Dataset entries:
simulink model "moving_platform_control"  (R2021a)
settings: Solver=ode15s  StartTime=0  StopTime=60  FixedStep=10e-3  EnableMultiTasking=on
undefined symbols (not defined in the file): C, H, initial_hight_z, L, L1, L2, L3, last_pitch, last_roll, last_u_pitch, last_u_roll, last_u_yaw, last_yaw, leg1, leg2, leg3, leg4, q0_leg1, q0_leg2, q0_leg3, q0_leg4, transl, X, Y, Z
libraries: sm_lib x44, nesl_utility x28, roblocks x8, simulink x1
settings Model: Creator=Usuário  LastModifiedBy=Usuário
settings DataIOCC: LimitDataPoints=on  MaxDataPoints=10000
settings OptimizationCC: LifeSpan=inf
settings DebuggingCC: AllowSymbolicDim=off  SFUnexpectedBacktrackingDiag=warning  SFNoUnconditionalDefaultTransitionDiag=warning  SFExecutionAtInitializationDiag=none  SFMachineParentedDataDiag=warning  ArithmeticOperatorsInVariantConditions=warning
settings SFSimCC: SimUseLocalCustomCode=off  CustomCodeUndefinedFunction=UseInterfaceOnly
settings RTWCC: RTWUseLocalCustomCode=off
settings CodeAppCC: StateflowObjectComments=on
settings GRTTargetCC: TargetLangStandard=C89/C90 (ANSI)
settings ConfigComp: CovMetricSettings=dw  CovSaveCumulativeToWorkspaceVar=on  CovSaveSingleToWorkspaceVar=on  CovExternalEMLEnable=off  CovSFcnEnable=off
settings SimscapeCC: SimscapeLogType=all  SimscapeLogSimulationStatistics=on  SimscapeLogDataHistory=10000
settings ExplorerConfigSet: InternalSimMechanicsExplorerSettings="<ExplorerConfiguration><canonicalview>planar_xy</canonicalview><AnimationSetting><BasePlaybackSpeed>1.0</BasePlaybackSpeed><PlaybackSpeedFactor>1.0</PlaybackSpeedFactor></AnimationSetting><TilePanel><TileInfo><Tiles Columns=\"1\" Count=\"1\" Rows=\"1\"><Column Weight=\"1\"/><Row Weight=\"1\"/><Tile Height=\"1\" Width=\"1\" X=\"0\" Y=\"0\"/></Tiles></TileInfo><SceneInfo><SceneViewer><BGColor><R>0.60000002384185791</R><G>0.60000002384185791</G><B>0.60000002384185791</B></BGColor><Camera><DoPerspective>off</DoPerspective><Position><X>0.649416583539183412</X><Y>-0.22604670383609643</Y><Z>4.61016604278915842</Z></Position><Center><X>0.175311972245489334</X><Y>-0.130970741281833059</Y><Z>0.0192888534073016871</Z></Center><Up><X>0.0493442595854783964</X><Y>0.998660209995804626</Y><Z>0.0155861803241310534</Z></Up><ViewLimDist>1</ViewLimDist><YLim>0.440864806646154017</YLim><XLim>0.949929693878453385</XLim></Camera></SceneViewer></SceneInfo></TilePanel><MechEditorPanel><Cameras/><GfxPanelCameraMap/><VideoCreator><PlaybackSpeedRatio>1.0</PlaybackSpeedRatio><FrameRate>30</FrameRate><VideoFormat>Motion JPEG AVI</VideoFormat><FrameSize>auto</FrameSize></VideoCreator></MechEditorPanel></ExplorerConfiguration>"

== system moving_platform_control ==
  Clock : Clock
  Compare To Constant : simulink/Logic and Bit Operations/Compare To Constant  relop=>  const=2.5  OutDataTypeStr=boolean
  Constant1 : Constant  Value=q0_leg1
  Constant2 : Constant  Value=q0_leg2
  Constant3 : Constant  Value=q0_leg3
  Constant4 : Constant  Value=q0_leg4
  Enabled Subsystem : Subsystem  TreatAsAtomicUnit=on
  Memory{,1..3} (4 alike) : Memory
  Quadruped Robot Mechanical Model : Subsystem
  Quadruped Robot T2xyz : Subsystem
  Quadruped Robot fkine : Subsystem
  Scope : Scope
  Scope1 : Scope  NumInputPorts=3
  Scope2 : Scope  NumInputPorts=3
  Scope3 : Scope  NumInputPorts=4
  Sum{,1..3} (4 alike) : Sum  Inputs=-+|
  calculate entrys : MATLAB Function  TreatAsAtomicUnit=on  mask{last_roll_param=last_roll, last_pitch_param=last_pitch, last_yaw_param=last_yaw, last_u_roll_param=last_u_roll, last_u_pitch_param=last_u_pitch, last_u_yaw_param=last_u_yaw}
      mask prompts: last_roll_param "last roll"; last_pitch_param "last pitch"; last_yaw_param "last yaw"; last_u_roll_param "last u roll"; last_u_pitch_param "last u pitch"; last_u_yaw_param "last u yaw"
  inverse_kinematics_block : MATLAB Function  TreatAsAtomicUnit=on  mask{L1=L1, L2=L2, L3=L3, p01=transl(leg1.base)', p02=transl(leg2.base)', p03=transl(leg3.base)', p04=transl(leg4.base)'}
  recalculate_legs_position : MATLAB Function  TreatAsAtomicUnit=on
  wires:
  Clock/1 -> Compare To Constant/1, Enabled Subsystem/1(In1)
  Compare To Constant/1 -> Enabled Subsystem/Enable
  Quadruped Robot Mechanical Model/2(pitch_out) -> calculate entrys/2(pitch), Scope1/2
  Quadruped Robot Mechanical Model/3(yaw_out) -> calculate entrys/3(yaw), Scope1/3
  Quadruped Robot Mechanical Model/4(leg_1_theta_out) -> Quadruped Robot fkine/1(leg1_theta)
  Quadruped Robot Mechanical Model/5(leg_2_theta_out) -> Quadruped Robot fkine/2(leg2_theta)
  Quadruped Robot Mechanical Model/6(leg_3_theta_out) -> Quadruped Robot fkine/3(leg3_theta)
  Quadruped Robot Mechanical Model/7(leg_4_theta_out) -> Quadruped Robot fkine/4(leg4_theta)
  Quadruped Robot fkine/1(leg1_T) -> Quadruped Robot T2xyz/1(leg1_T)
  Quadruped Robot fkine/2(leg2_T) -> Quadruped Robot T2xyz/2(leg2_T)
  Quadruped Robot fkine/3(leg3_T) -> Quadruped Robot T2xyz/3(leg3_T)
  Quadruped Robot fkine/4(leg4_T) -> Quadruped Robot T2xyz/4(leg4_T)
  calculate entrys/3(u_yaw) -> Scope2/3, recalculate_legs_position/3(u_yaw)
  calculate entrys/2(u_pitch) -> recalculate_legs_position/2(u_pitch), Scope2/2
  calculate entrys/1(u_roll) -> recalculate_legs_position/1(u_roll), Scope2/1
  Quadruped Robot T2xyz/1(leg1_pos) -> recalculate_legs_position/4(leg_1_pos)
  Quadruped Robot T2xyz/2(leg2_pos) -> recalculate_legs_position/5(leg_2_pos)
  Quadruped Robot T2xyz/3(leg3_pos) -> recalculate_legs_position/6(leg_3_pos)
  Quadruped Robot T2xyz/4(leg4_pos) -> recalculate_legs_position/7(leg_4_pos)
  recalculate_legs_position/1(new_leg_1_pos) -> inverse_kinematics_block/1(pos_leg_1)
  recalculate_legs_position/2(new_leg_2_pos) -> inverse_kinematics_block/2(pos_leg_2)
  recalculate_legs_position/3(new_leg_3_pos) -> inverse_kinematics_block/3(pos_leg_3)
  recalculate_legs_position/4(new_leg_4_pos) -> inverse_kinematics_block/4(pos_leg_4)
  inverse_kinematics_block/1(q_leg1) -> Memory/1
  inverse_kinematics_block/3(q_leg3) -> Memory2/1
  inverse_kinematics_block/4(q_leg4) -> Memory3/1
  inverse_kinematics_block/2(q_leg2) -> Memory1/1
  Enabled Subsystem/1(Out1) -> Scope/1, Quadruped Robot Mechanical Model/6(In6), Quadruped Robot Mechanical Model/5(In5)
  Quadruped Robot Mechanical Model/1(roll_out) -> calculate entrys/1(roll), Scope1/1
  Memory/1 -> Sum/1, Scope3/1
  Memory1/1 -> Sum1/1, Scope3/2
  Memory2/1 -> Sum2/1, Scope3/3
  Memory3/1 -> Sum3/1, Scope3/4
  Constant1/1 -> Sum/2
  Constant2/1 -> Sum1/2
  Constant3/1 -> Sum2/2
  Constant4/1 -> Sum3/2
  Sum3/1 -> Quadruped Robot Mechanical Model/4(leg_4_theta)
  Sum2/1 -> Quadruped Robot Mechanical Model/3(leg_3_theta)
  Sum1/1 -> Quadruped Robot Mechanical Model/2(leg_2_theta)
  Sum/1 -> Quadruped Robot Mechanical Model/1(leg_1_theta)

## Work to be completed
From the records above, pull every line that has the string "alike" and copy it.

## Answer
  Memory{,1..3} (4 alike) : Memory
  Sum{,1..3} (4 alike) : Sum  Inputs=-+|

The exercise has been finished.